The words "Hydrogen Economy" have been banted around for years now by journalists enjoying the idea of replacing existing fuels with hydrogen gas, because the product of burning it is water. Perfectly clean water. No carbon dioxide. No noxious smoke. Just water.
Okay, but the planet earth doesn't have hydrogen spewing out of the ground. All our hydrogen is locked up in more complicated molecules, which are more stable than the gas itself. Rending them apart would cost energy, not release it. So hydrogen is more a store of energy than a source. Energy journalists sulk for a bit before looking again at solar panels and sighing wistfully.
Then, a week ago, a scientist found a more efficient, if infinitely grosser source. Pee. Human urine's urea and other dissolved acids produce hydrogen with a quarter the voltage required to break down pure water, if a nickel electrode is used. The waste products of this are nitrogen gas and potassium carbonate (aka "Pearl Ash"), both harmless to the environment and other humans.
This is not only useful as an energy source. Raw sewage is a major threat to the health of everything in its vicinity. Bacterial breakdown often includes toxic amounts of ammonia, poisonous nitrogen-based compounds, and horrible horrible smells. Anyone or anything breathing this becomes terribly sick. In addition, the waste products of this are industrially useful. Especially the phosphorus, whose deposits in nature are becoming rarer and more scattered as industry and agriculture demand more and more tons of it.

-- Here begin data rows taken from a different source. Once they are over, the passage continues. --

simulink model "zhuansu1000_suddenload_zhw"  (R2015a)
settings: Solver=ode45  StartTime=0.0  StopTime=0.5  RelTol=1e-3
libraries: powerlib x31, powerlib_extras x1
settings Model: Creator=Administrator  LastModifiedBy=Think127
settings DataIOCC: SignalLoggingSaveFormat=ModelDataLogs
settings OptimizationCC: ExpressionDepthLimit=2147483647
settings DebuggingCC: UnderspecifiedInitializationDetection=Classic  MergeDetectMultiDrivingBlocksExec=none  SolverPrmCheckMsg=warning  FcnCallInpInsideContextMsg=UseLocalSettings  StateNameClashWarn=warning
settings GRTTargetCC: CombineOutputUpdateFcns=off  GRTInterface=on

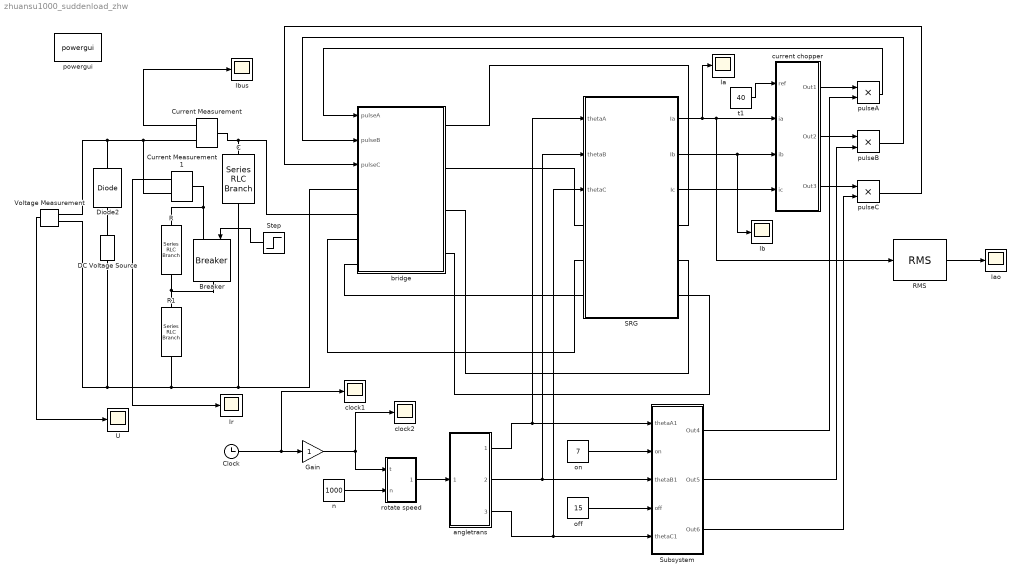
== system zhuansu1000_suddenload_zhw ==
  Breaker : powerlib/Elements/Breaker  InitialState=0  SwitchingTimes="[1/60  5/60]"  External=on  BreakerResistance=0.01  SnubberResistance=1e6  SnubberCapacitance=inf  Measurements=None  MoreParameters=on  NoBreakLoop=off
  "C " : powerlib/Elements/Series RLC Branch  LConnTagsString=__new0  RConnTagsString=__new0  BranchType=C  Resistance=1  Inductance=1.0  SetiL0=off  InitialCurrent=0  Capacitance=1e-3  Setx0=off  InitialVoltage=0  Measurements=None
  Clock : Clock
  Current Measurement : powerlib/Measurements/Current Measurement  PhasorSimulation=off  OutputType=Complex  PSBequivalent=0
  Current Measurement1 : powerlib/Measurements/Current Measurement  PhasorSimulation=off  OutputType=Complex  PSBequivalent=0
  DC Voltage Source : powerlib/Electrical Sources/DC Voltage Source  Amplitude=45  Measurements=None
  Diode2 : powerlib/Power Electronics/Diode  Ron=0.001  Lon=0  Vf=0.8  IC=0  UseSnubber=off  Rs=500  Cs=250e-9  Measurements=off
  Gain : Gain
  Ia : Scope
      settings: YMin=0  YMax=0.6  SaveName=zhuansu1000IA
  Iao : Scope
      settings: YMin=8.47617  YMax=9.36839
  Ib : Scope
      settings: YMin=0  YMax=0.6  SaveName=IA1
  Ibus : Scope
      settings: TimeRange=0.5  YMin=-47500  YMax=2500  SaveName=ScopeData6
  Ir : Scope
      settings: YMin=-6.5  YMax=0.5  SaveName=load_i
  R : powerlib/Elements/Series RLC Branch  LConnTagsString=__new0  RConnTagsString=__new0  BranchType=R  Resistance=50  Inductance=1.0  SetiL0=off  InitialCurrent=0  Capacitance=1.0  Setx0=off  InitialVoltage=0  Measurements=None
  R1 : powerlib/Elements/Series RLC Branch  LConnTagsString=__new0  RConnTagsString=__new0  BranchType=R  Resistance=50  Inductance=1.0  SetiL0=off  InitialCurrent=0  Capacitance=1.0  Setx0=off  InitialVoltage=0  Measurements=None
  RMS : powerlib_extras/Measurements/RMS  f1=5
  SRG : Subsystem
  Step : Step  Time=0.25  SampleTime=0
  Subsystem : Subsystem
  U : Scope
      settings: YMin=-25  YMax=350  SaveName=zhuansu1000U
  Voltage Measurement : powerlib/Measurements/Voltage Measurement  PhasorSimulation=off  OutputType=Complex  PSBequivalent=0
  angletrans : Subsystem
  bridge : Subsystem
  clock1 : Scope
      settings: YMin=0.00565  YMax=0.0064  SaveName=ScopeData2
  clock2 : Scope
      settings: YMin=0.001  YMax=0.00215  SaveName=ScopeData3
  current chopper : Subsystem
  n : Constant  Value=1000
  off : Constant  Value=15
  on : Constant  Value=7
  powergui : powerlib/powergui  Priority=1  SimulationMode=Continuous  SolverType=Tustin/Backward Euler (TBE)  SampleTime=50e-6  frequency=60  SPID=off  DisableSnubberDevices=off  DisableRonSwitches=off  DisableVfSwitches=off  SwTol=0  DisplayEquations=off  Interpol=off  methode=off  Ts=0  FunctionMessages=off  echomessages=off  HookPort=off  EnableUseOfTLC=off  x0status=blocks  frequencyindice=0  Pbase=100e6  ErrMax=1e-4  Iterations=50  UnitsV=kV  UnitsW=MW  buscounter=0  RestoreLinks=warning  ResistiveCurrentMeasurement=off  Frange=[0:2:500]  Ylog=off  Xlog=on  ShowGrid=off  save=off  variable=ZData  structure=0  ZoomFFT=on  StartTime=0.0  cycles=1  DisplayStyle=1  fundamental=60  FreqAxis=off  MaxFrequency=1000  frequencyindicesteady=1  RmsSteady=1  display=off
  pulseA : Product  RndMeth=Zero
  pulseB : Product  RndMeth=Zero
  pulseC : Product  RndMeth=Zero
  rotate speed : Subsystem
  t1 : Constant  Value=40
  wires:
  SRG/1(Ia) -> current chopper/2(ia), RMS/1, Ia/1
  SRG/2(Ib) -> current chopper/3(ib), Ib/1
  SRG/3(Ic) -> current chopper/4(ic)
  rotate speed/1(theta) -> angletrans/1(theta)
  n/1 -> rotate speed/2(n)
  on/1 -> Subsystem/2(on)
  off/1 -> Subsystem/4(off)
  angletrans/1(thetaA) -> Subsystem/1(thetaA1), SRG/1(thetaA)
  angletrans/2(thetaB) -> Subsystem/3(thetaB1), SRG/2(thetaB)
  angletrans/3(thetaC) -> Subsystem/5(thetaC1), SRG/3(thetaC)
  Voltage Measurement/1 -> U/1
  Subsystem/1(Out4) -> pulseA/2
  Subsystem/3(Out6) -> pulseC/2
  Subsystem/2(Out5) -> pulseB/2
  current chopper/1(Out1) -> pulseA/1
  current chopper/2(Out2) -> pulseB/1
  current chopper/3(Out3) -> pulseC/1
  pulseB/1 -> bridge/2(pulseB)
  pulseC/1 -> bridge/3(pulseC)
  pulseA/1 -> bridge/1(pulseA)
  t1/1 -> current chopper/1(ref)
  Gain/1 -> rotate speed/1(t), clock2/1
  Clock/1 -> Gain/1, clock1/1
  RMS/1 -> Iao/1
  Current Measurement/1 -> Ibus/1
  Current Measurement1/1 -> Ir/1
  Step/1 -> Breaker/1
  connections:
  Diode2/LConn1 -- DC Voltage Source/RConn1
  "C "/LConn1 -- bridge/LConn2 -- Current Measurement/LConn1
  bridge/RConn2 -- SRG/LConn1
  bridge/RConn1 -- SRG/RConn1
  bridge/LConn3 -- SRG/LConn2
  bridge/LConn4 -- SRG/LConn3
  bridge/RConn4 -- SRG/RConn3
  bridge/RConn3 -- SRG/RConn2
  bridge/LConn1 -- "C "/RConn1 -- R1/RConn1 -- DC Voltage Source/LConn1 -- Voltage Measurement/LConn2
  Current Measurement/RConn1 -- Diode2/RConn1 -- Voltage Measurement/LConn1 -- Current Measurement1/RConn1
  Current Measurement1/LConn1 -- R/LConn1 -- Breaker/LConn1
  R1/LConn1 -- Breaker/RConn1 -- R/RConn1

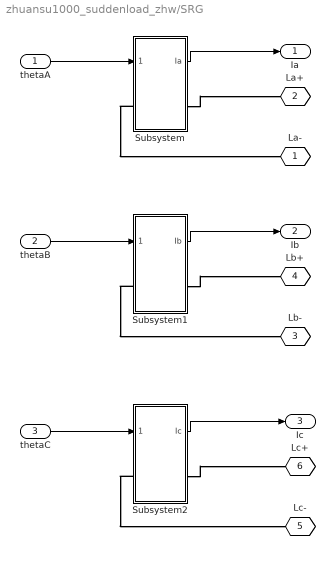
== system zhuansu1000_suddenload_zhw/SRG ==
  thetaA : Inport
  thetaB : Inport  Port=2
  thetaC : Inport  Port=3
  Subsystem : Subsystem
  Subsystem1 : Subsystem
  Subsystem2 : Subsystem
  La- : PMIOPort  Tag=PMCPort  Port=1  Side=Left
  La+ : PMIOPort  Tag=PMCPort  Port=2  Side=Right
  Lb- : PMIOPort  Tag=PMCPort  Port=3  Side=Left
  Lb+ : PMIOPort  Tag=PMCPort  Port=4  Side=Right
  Lc- : PMIOPort  Tag=PMCPort  Port=5  Side=Left
  Lc+ : PMIOPort  Tag=PMCPort  Port=6  Side=Right
  Ia : Outport
  Ib : Outport  Port=2
  Ic : Outport  Port=3
  wires:
  thetaA/1 -> Subsystem/1(thetaA)
  Subsystem/1(Ia) -> Ia/1
  thetaB/1 -> Subsystem1/1(thetaB)
  Subsystem1/1(Ib) -> Ib/1
  thetaC/1 -> Subsystem2/1(thetaC)
  Subsystem2/1(Ic) -> Ic/1
  connections:
  Subsystem/LConn1 -- La-/RConn1
  Subsystem/RConn1 -- La+/RConn1
  Subsystem1/LConn1 -- Lb-/RConn1
  Subsystem1/RConn1 -- Lb+/RConn1
  Subsystem2/LConn1 -- Lc-/RConn1
  Subsystem2/RConn1 -- Lc+/RConn1

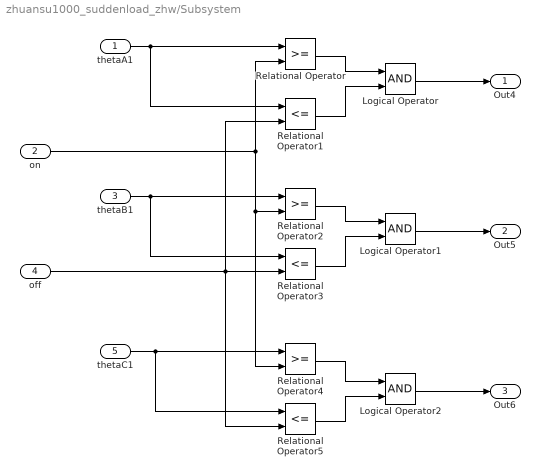
== system zhuansu1000_suddenload_zhw/Subsystem ==
  thetaA1 : Inport
  on : Inport  Port=2
  thetaB1 : Inport  Port=3
  off : Inport  Port=4
  thetaC1 : Inport  Port=5
  Logical Operator : Logic  AllPortsSameDT=off  OutDataTypeStr=boolean
  Logical Operator1 : Logic  AllPortsSameDT=off  OutDataTypeStr=boolean
  Logical Operator2 : Logic  AllPortsSameDT=off  OutDataTypeStr=boolean
  Relational Operator : RelationalOperator  OutDataTypeStr=boolean
  Relational Operator1 : RelationalOperator  Operator=<=  OutDataTypeStr=boolean
  Relational Operator2 : RelationalOperator  OutDataTypeStr=boolean
  Relational Operator3 : RelationalOperator  Operator=<=  OutDataTypeStr=boolean
  Relational Operator4 : RelationalOperator  OutDataTypeStr=boolean
  Relational Operator5 : RelationalOperator  Operator=<=  OutDataTypeStr=boolean
  Out4 : Outport
  Out5 : Outport  Port=2
  Out6 : Outport  Port=3
  wires:
  thetaA1/1 -> Relational Operator/1, Relational Operator1/1
  thetaB1/1 -> Relational Operator2/1, Relational Operator3/1
  thetaC1/1 -> Relational Operator4/1, Relational Operator5/1
  on/1 -> Relational Operator/2, Relational Operator2/2, Relational Operator4/2
  off/1 -> Relational Operator1/2, Relational Operator3/2, Relational Operator5/2
  Relational Operator/1 -> Logical Operator/1
  Relational Operator1/1 -> Logical Operator/2
  Relational Operator2/1 -> Logical Operator1/1
  Relational Operator3/1 -> Logical Operator1/2
  Relational Operator4/1 -> Logical Operator2/1
  Relational Operator5/1 -> Logical Operator2/2
  Logical Operator/1 -> Out4/1
  Logical Operator1/1 -> Out5/1
  Logical Operator2/1 -> Out6/1

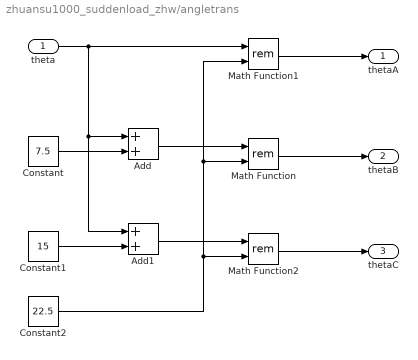
== system zhuansu1000_suddenload_zhw/angletrans ==
  theta : Inport
  Add : Sum
  Add1 : Sum
  Constant : Constant  Value=7.5
  Constant1 : Constant  Value=15
  Constant2 : Constant  Value=22.5
  Math Function : Math  Operator=rem  SaturateOnIntegerOverflow=on
  Math Function1 : Math  Operator=rem  SaturateOnIntegerOverflow=on
  Math Function2 : Math  Operator=rem  SaturateOnIntegerOverflow=on
  thetaA : Outport
  thetaB : Outport  Port=2
  thetaC : Outport  Port=3
  wires:
  Add1/1 -> Math Function2/1
  Add/1 -> Math Function/1
  theta/1 -> Math Function1/1, Add1/1, Add/1
  Constant/1 -> Add/2
  Constant1/1 -> Add1/2
  Constant2/1 -> Math Function2/2, Math Function/2, Math Function1/2
  Math Function2/1 -> thetaC/1
  Math Function/1 -> thetaB/1
  Math Function1/1 -> thetaA/1

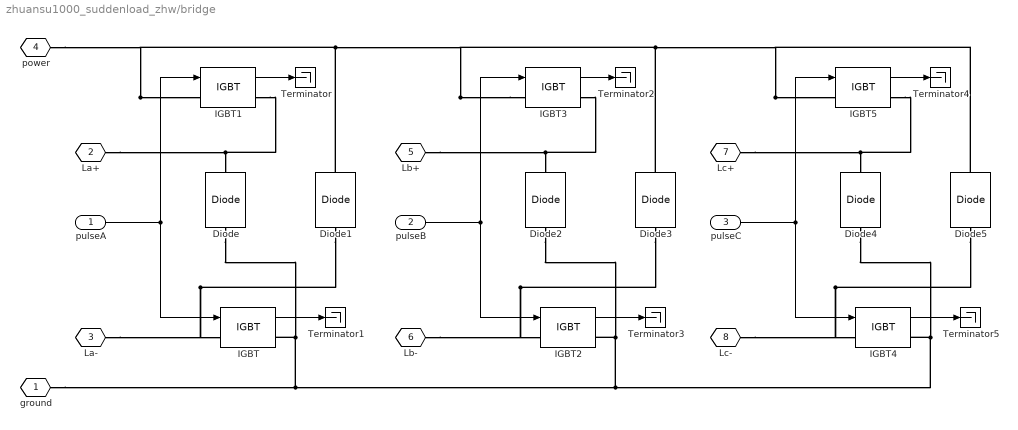
== system zhuansu1000_suddenload_zhw/bridge ==
  pulseA : Inport
  pulseB : Inport  Port=2
  pulseC : Inport  Port=3
  Diode{,1..5} (6 alike) : powerlib/Power Electronics/Diode  Ron=0.001  Lon=0  Vf=0.8  IC=0  UseSnubber=off  Rs=500  Cs=250e-9  Measurements=off
  IGBT{,1..5} (6 alike) : powerlib/Power Electronics/IGBT  Ron=0.001  Lon=0  Vf=1  Tf=1e-6  Tt=2e-6  IC=0  Rs=1e5  Cs=inf  Measurements=on
  Terminator{,1..5} (6 alike) : Terminator
  ground : PMIOPort  Tag=PMCPort  Port=1  Side=Left
  La+ : PMIOPort  Tag=PMCPort  Port=2  Side=Right
  La- : PMIOPort  Tag=PMCPort  Port=3  Side=Right
  power : PMIOPort  Tag=PMCPort  Port=4  Side=Left
  Lb+ : PMIOPort  Tag=PMCPort  Port=5  Side=Right
  Lb- : PMIOPort  Tag=PMCPort  Port=6  Side=Left
  Lc+ : PMIOPort  Tag=PMCPort  Port=7  Side=Right
  Lc- : PMIOPort  Tag=PMCPort  Port=8  Side=Left
  wires:
  IGBT4/1 -> Terminator5/1
  IGBT5/1 -> Terminator4/1
  pulseC/1 -> IGBT4/1, IGBT5/1
  IGBT2/1 -> Terminator3/1
  IGBT3/1 -> Terminator2/1
  pulseB/1 -> IGBT2/1, IGBT3/1
  IGBT/1 -> Terminator1/1
  IGBT1/1 -> Terminator/1
  pulseA/1 -> IGBT/1, IGBT1/1
  connections:
  Lc-/RConn1 -- IGBT4/LConn1 -- Diode5/LConn1
  Lc+/RConn1 -- IGBT5/RConn1 -- Diode4/RConn1
  Lb-/RConn1 -- IGBT2/LConn1 -- Diode3/LConn1
  IGBT3/RConn1 -- Lb+/RConn1 -- Diode2/RConn1
  IGBT3/LConn1 -- Diode5/RConn1 -- IGBT5/LConn1 -- Diode3/RConn1 -- Diode1/RConn1 -- IGBT1/LConn1 -- power/RConn1
  La-/RConn1 -- IGBT/LConn1 -- Diode1/LConn1
  La+/RConn1 -- IGBT1/RConn1 -- Diode/RConn1
  IGBT2/RConn1 -- Diode2/LConn1 -- IGBT/RConn1 -- Diode/LConn1 -- ground/RConn1 -- IGBT4/RConn1 -- Diode4/LConn1

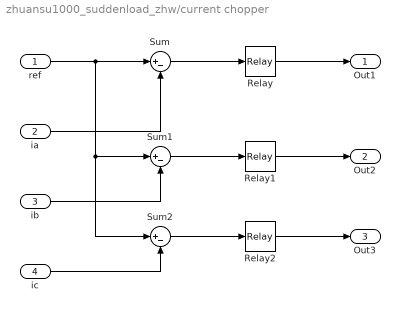
== system zhuansu1000_suddenload_zhw/current chopper ==
  ref : Inport
  ia : Inport  Port=2
  ib : Inport  Port=3
  ic : Inport  Port=4
  Relay : Relay  OnSwitchValue=2  OffSwitchValue=-2
  Relay1 : Relay  OnSwitchValue=2  OffSwitchValue=-2
  Relay2 : Relay  OnSwitchValue=2  OffSwitchValue=-2
  Sum : Sum  Inputs=|+-
  Sum1 : Sum  Inputs=|+-
  Sum2 : Sum  Inputs=|+-
  Out1 : Outport
  Out2 : Outport  Port=2
  Out3 : Outport  Port=3
  wires:
  Relay/1 -> Out1/1
  Relay1/1 -> Out2/1
  Relay2/1 -> Out3/1
  Sum/1 -> Relay/1
  Sum1/1 -> Relay1/1
  Sum2/1 -> Relay2/1
  ref/1 -> Sum/1, Sum2/1, Sum1/1
  ia/1 -> Sum/2
  ib/1 -> Sum1/2
  ic/1 -> Sum2/2

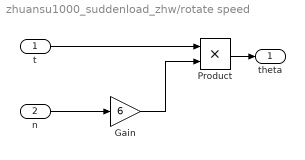
== system zhuansu1000_suddenload_zhw/rotate speed ==
  t : Inport
  n : Inport  Port=2
  Gain : Gain  Gain=6
  Product : Product  RndMeth=Zero
  theta : Outport
  wires:
  n/1 -> Gain/1
  Gain/1 -> Product/2
  t/1 -> Product/1
  Product/1 -> theta/1

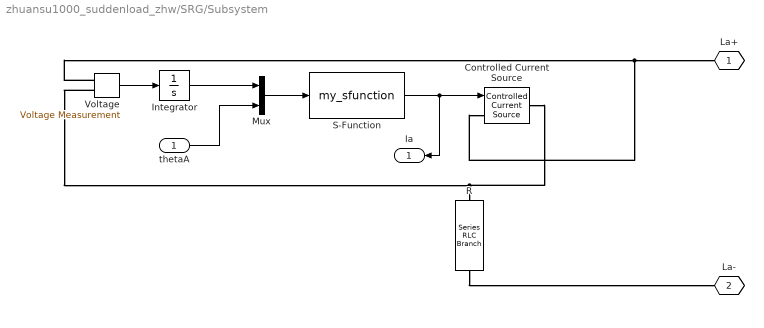
== system zhuansu1000_suddenload_zhw/SRG/Subsystem ==
  thetaA : Inport
  Controlled Current Source : powerlib/Electrical Sources/Controlled Current Source  Initialize=on  Source_Type=AC  Amplitude=0  Phase=0  Frequency=0  Measurements=None
  Integrator : Integrator  LimitOutput=on  LowerSaturationLimit=0
  Mux : Mux  Inputs=2
  R : powerlib/Elements/Series RLC Branch  LConnTagsString=__new0  RConnTagsString=__new0  BranchType=R  Resistance=0.0261014  Inductance=1.0  SetiL0=off  InitialCurrent=0  Capacitance=1.0  Setx0=off  InitialVoltage=0  Measurements=None
  S-Function : S-Function  FunctionName=my_sfunction
  Voltage : powerlib/Measurements/Voltage Measurement  PhasorSimulation=off  OutputType=Complex  PSBequivalent=0
  La+ : PMIOPort  Tag=PMCPort  Port=1  Side=Right
  La- : PMIOPort  Tag=PMCPort  Port=2  Side=Left
  Ia : Outport
  wires:
  Mux/1 -> S-Function/1
  Integrator/1 -> Mux/1
  thetaA/1 -> Mux/2
  S-Function/1 -> Ia/1, Controlled Current Source/1
  Voltage/1 -> Integrator/1
  connections:
  R/LConn1 -- Controlled Current Source/RConn1 -- Voltage/LConn2
  Voltage/LConn1 -- La+/RConn1 -- Controlled Current Source/LConn1
  R/RConn1 -- La-/RConn1

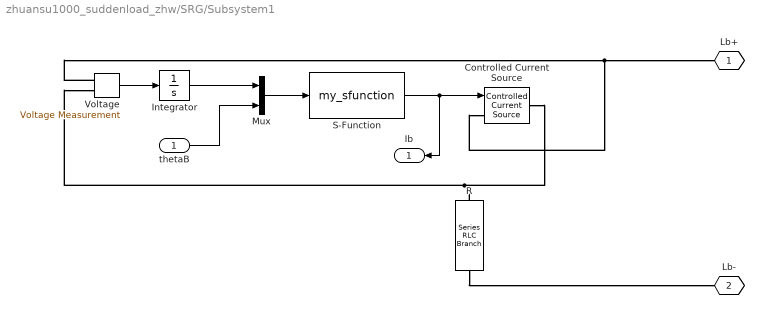
== system zhuansu1000_suddenload_zhw/SRG/Subsystem1 ==
  thetaB : Inport
  Controlled Current Source : powerlib/Electrical Sources/Controlled Current Source  Initialize=on  Source_Type=AC  Amplitude=0  Phase=0  Frequency=0  Measurements=None
  Integrator : Integrator  LimitOutput=on  LowerSaturationLimit=0
  Mux : Mux  Inputs=2
  R : powerlib/Elements/Series RLC Branch  LConnTagsString=__new0  RConnTagsString=__new0  BranchType=R  Resistance=0.0261014  Inductance=1.0  SetiL0=off  InitialCurrent=0  Capacitance=1.0  Setx0=off  InitialVoltage=0  Measurements=None
  S-Function : S-Function  FunctionName=my_sfunction
  Voltage : powerlib/Measurements/Voltage Measurement  PhasorSimulation=off  OutputType=Complex  PSBequivalent=0
  Lb+ : PMIOPort  Tag=PMCPort  Port=1  Side=Right
  Lb- : PMIOPort  Tag=PMCPort  Port=2  Side=Left
  Ib : Outport
  wires:
  Mux/1 -> S-Function/1
  Integrator/1 -> Mux/1
  thetaB/1 -> Mux/2
  S-Function/1 -> Ib/1, Controlled Current Source/1
  Voltage/1 -> Integrator/1
  connections:
  R/LConn1 -- Voltage/LConn2 -- Controlled Current Source/RConn1
  Voltage/LConn1 -- Lb+/RConn1 -- Controlled Current Source/LConn1
  R/RConn1 -- Lb-/RConn1

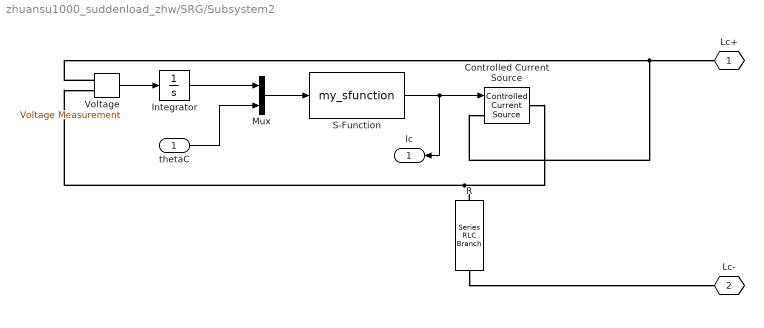
== system zhuansu1000_suddenload_zhw/SRG/Subsystem2 ==
  thetaC : Inport
  Controlled Current Source : powerlib/Electrical Sources/Controlled Current Source  Initialize=on  Source_Type=AC  Amplitude=0  Phase=0  Frequency=0  Measurements=None
  Integrator : Integrator  LimitOutput=on  LowerSaturationLimit=0
  Mux : Mux  Inputs=2
  R : powerlib/Elements/Series RLC Branch  LConnTagsString=__new0  RConnTagsString=__new0  BranchType=R  Resistance=0.0261014  Inductance=1.0  SetiL0=off  InitialCurrent=0  Capacitance=1.0  Setx0=off  InitialVoltage=0  Measurements=None
  S-Function : S-Function  FunctionName=my_sfunction
  Voltage : powerlib/Measurements/Voltage Measurement  PhasorSimulation=off  OutputType=Complex  PSBequivalent=0
  Lc+ : PMIOPort  Tag=PMCPort  Port=1  Side=Right
  Lc- : PMIOPort  Tag=PMCPort  Port=2  Side=Left
  Ic : Outport
  wires:
  Mux/1 -> S-Function/1
  Integrator/1 -> Mux/1
  thetaC/1 -> Mux/2
  S-Function/1 -> Ic/1, Controlled Current Source/1
  Voltage/1 -> Integrator/1
  connections:
  R/LConn1 -- Voltage/LConn2 -- Controlled Current Source/RConn1
  Voltage/LConn1 -- Lc+/RConn1 -- Controlled Current Source/LConn1
  R/RConn1 -- Lc-/RConn1

Of course, this leaves me with the silly thought of driving about, noticing I'm low on fuel, and stopping in for a big gulp and a curtain to fill up. Or a drunken frat boy peeing in my gas tank as revenge for a perceived slight, and me appreciating the free fuel instead. And the most ridiculous part would be soap and glass companies sweeping the streets of pearl ash, which falls out of the exhaust pipe of these cars.
Actually the inevitable jokes are probably worse than any of the real consequences. At least trucker bombs are a thing of the past.